Joseph Hadley Hudson (July 1, 1977 – February 24, 2021), known by the ring names Jocephus and Jocephus Brody, was an American professional wrestler. He was best known for his tenures in the National Wrestling Alliance (NWA), where he later wrestled as the Question Mark.

==Professional wrestling career==
Jocephus began his wrestling career in 2010. In the same year, he won his first title, the USWO Heavyweight Championship, a title in which he would win at least four times.

In 2012, Jocephus began wrestling in Resistance Pro. On November 23, 2013, he defeated Robert Anthony to win the RPW Heavyweight Championship. On May 16, 2014, Anthony and Jocephus defeated Da Soul Touchaz (Acid Jaz & Willie Richardson) to win the RPW Tag Team Championship. He would also win the NWA Southern Heavyweight Championship twice around this time.

In 2018, the NWA briefly allied with Impact Wrestling, the former TNA, to hold an Empty Arena match at Universal Orlando in Orlando, Florida.
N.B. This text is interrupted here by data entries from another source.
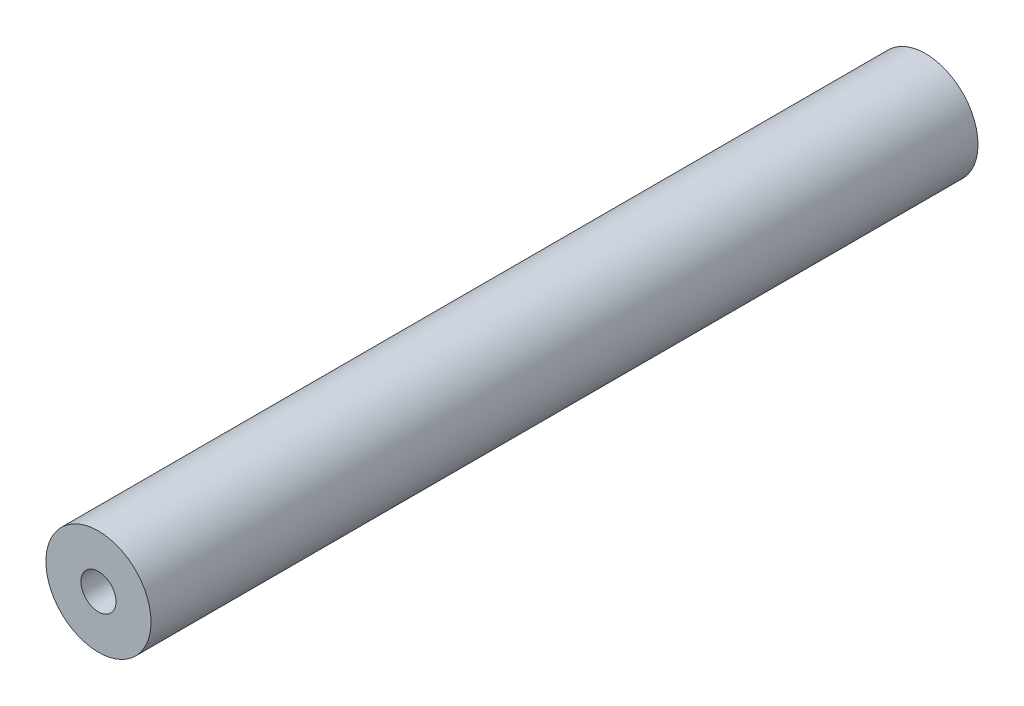
ISO-10303-21;
HEADER;
FILE_DESCRIPTION(('STEP AP214'),'2;1');
FILE_NAME('part.step','',(''),(''),'','','');
FILE_SCHEMA(('AUTOMOTIVE_DESIGN { 1 0 10303 214 1 1 1 1 }'));
ENDSEC;
DATA;
#1=APPLICATION_CONTEXT('core data for automotive mechanical design processes');
#2=APPLICATION_PROTOCOL_DEFINITION('international standard','automotive_design',2000,#1);
#3=PRODUCT_CONTEXT('',#1,'mechanical');
#4=PRODUCT('Part','Part','',(#3));
#5=PRODUCT_RELATED_PRODUCT_CATEGORY('part','',(#4));
#6=PRODUCT_DEFINITION_FORMATION('','',#4);
#7=PRODUCT_DEFINITION_CONTEXT('part definition',#1,'design');
#8=PRODUCT_DEFINITION('design','',#6,#7);
#9=PRODUCT_DEFINITION_SHAPE('','',#8);
#10=(LENGTH_UNIT() NAMED_UNIT(*) SI_UNIT(.MILLI.,.METRE.));
#11=(NAMED_UNIT(*) PLANE_ANGLE_UNIT() SI_UNIT($,.RADIAN.));
#12=(NAMED_UNIT(*) SI_UNIT($,.STERADIAN.) SOLID_ANGLE_UNIT());
#13=UNCERTAINTY_MEASURE_WITH_UNIT(LENGTH_MEASURE(1.E-05),#10,'distance_accuracy_value','');
#14=(GEOMETRIC_REPRESENTATION_CONTEXT(3) GLOBAL_UNCERTAINTY_ASSIGNED_CONTEXT((#13)) GLOBAL_UNIT_ASSIGNED_CONTEXT((#10,
#11,#12)) REPRESENTATION_CONTEXT('',''));
#15=CARTESIAN_POINT('',(0.,0.,0.));
#16=DIRECTION('',(0.,0.,1.));
#17=DIRECTION('',(1.,0.,0.));
#18=AXIS2_PLACEMENT_3D('',#15,#16,#17);
#19=CARTESIAN_POINT('',(0.,0.,-118.));
#20=DIRECTION('',(0.,0.,1.));
#21=DIRECTION('',(1.,0.,0.));
#22=AXIS2_PLACEMENT_3D('',#19,#20,#21);
#23=CYLINDRICAL_SURFACE('',#22,15.);
#24=CARTESIAN_POINT('',(0.,0.,-118.));
#25=DIRECTION('',(0.,0.,1.));
#26=DIRECTION('',(1.,0.,0.));
#27=AXIS2_PLACEMENT_3D('',#24,#25,#26);
#28=CIRCLE('',#27,15.);
#29=CARTESIAN_POINT('',(15.,0.,-118.));
#30=VERTEX_POINT('',#29);
#31=EDGE_CURVE('E10',#30,#30,#28,.T.);
#32=ORIENTED_EDGE('',*,*,#31,.T.);
#33=EDGE_LOOP('',(#32));
#34=FACE_BOUND('',#33,.T.);
#35=CARTESIAN_POINT('',(0.,0.,118.));
#36=DIRECTION('',(0.,0.,1.));
#37=DIRECTION('',(1.,0.,0.));
#38=AXIS2_PLACEMENT_3D('',#35,#36,#37);
#39=CIRCLE('',#38,15.);
#40=CARTESIAN_POINT('',(15.,0.,118.));
#41=VERTEX_POINT('',#40);
#42=EDGE_CURVE('E45',#41,#41,#39,.T.);
#43=ORIENTED_EDGE('',*,*,#42,.F.);
#44=EDGE_LOOP('',(#43));
#45=FACE_BOUND('',#44,.T.);
#46=ADVANCED_FACE('F39',(#34,#45),#23,.T.);
#47=CARTESIAN_POINT('',(0.,0.,-118.));
#48=DIRECTION('',(0.,0.,1.));
#49=DIRECTION('',(1.,0.,0.));
#50=AXIS2_PLACEMENT_3D('',#47,#48,#49);
#51=PLANE('',#50);
#52=CARTESIAN_POINT('',(0.,0.,-118.));
#53=DIRECTION('',(0.,0.,1.));
#54=DIRECTION('',(1.,0.,0.));
#55=AXIS2_PLACEMENT_3D('',#52,#53,#54);
#56=CIRCLE('',#55,5.);
#57=CARTESIAN_POINT('',(5.,0.,-118.));
#58=VERTEX_POINT('',#57);
#59=EDGE_CURVE('E47',#58,#58,#56,.T.);
#60=ORIENTED_EDGE('',*,*,#59,.T.);
#61=EDGE_LOOP('',(#60));
#62=FACE_BOUND('',#61,.T.);
#63=ORIENTED_EDGE('',*,*,#31,.F.);
#64=EDGE_LOOP('',(#63));
#65=FACE_BOUND('',#64,.T.);
#66=ADVANCED_FACE('F60',(#62,#65),#51,.F.);
#67=CARTESIAN_POINT('',(0.,0.,118.));
#68=DIRECTION('',(0.,0.,1.));
#69=DIRECTION('',(1.,0.,0.));
#70=AXIS2_PLACEMENT_3D('',#67,#68,#69);
#71=PLANE('',#70);
#72=CARTESIAN_POINT('',(0.,0.,118.));
#73=DIRECTION('',(0.,0.,1.));
#74=DIRECTION('',(1.,0.,0.));
#75=AXIS2_PLACEMENT_3D('',#72,#73,#74);
#76=CIRCLE('',#75,5.);
#77=CARTESIAN_POINT('',(5.,0.,118.));
#78=VERTEX_POINT('',#77);
#79=EDGE_CURVE('E51',#78,#78,#76,.T.);
#80=ORIENTED_EDGE('',*,*,#79,.F.);
#81=EDGE_LOOP('',(#80));
#82=FACE_BOUND('',#81,.T.);
#83=ORIENTED_EDGE('',*,*,#42,.T.);
#84=EDGE_LOOP('',(#83));
#85=FACE_BOUND('',#84,.T.);
#86=ADVANCED_FACE('F64',(#82,#85),#71,.T.);
#87=CARTESIAN_POINT('',(0.,0.,-118.));
#88=DIRECTION('',(0.,0.,1.));
#89=DIRECTION('',(1.,0.,0.));
#90=AXIS2_PLACEMENT_3D('',#87,#88,#89);
#91=CYLINDRICAL_SURFACE('',#90,5.);
#92=ORIENTED_EDGE('',*,*,#59,.F.);
#93=EDGE_LOOP('',(#92));
#94=FACE_BOUND('',#93,.T.);
#95=ORIENTED_EDGE('',*,*,#79,.T.);
#96=EDGE_LOOP('',(#95));
#97=FACE_BOUND('',#96,.T.);
#98=ADVANCED_FACE('F58',(#94,#97),#91,.F.);
#99=CLOSED_SHELL('',(#46,#66,#86,#98));
#100=MANIFOLD_SOLID_BREP('B2',#99);
#101=ADVANCED_BREP_SHAPE_REPRESENTATION('',(#18,#100),#14);
#102=SHAPE_DEFINITION_REPRESENTATION(#9,#101);
ENDSEC;
END-ISO-10303-21;

It was contested by Tim Storm and Jocephus and served as a qualifier to challenge then-NWA World Heavyweight Champion Nick Aldis. The match was recorded on January 14, 2018, in which Jocephus defeated Storm. On April 27, 2019, at the Crockett Cup, Jocephus teamed up with Jay Bradley, losing a seven-team battle royal to the Wildcards (Royce Isaacs & Thom Latimer) with the winner qualifying as the last entrant for the Crockett Cup tournament. By October, Hudson began wrestling under the new ring name the Question Mark.

==Personal life and death==
Hudson had been previously married to fellow wrestler Abriella Of Amazonia, who also wrestled as Eve. He is survived by his son. Hudson died on February 24, 2021. On June 7, Aldis revealed that Hudson's cause of death was congenital heart defect.

==Championships and accomplishments==
- NWA Southern All-Star Wrestling
  - NWA Southern Heavyweight Championship (2 times)
  - SAW Tag Team Championship (2 times) – with Jeff Daniels
- Pro Wrestling Illustrated
  - Ranked No. 302 of the top 500 singles wrestlers in the PWI 500 in 2014
- Resistance Pro Wrestling
  - RPW Heavyweight Championship (1 time)
  - RPW Tag Team Championship (2 times) – with Robert Anthony (1) and Eve (1)
- United States Wrestling Organization
  - USWO Heavyweight Championship (4 times)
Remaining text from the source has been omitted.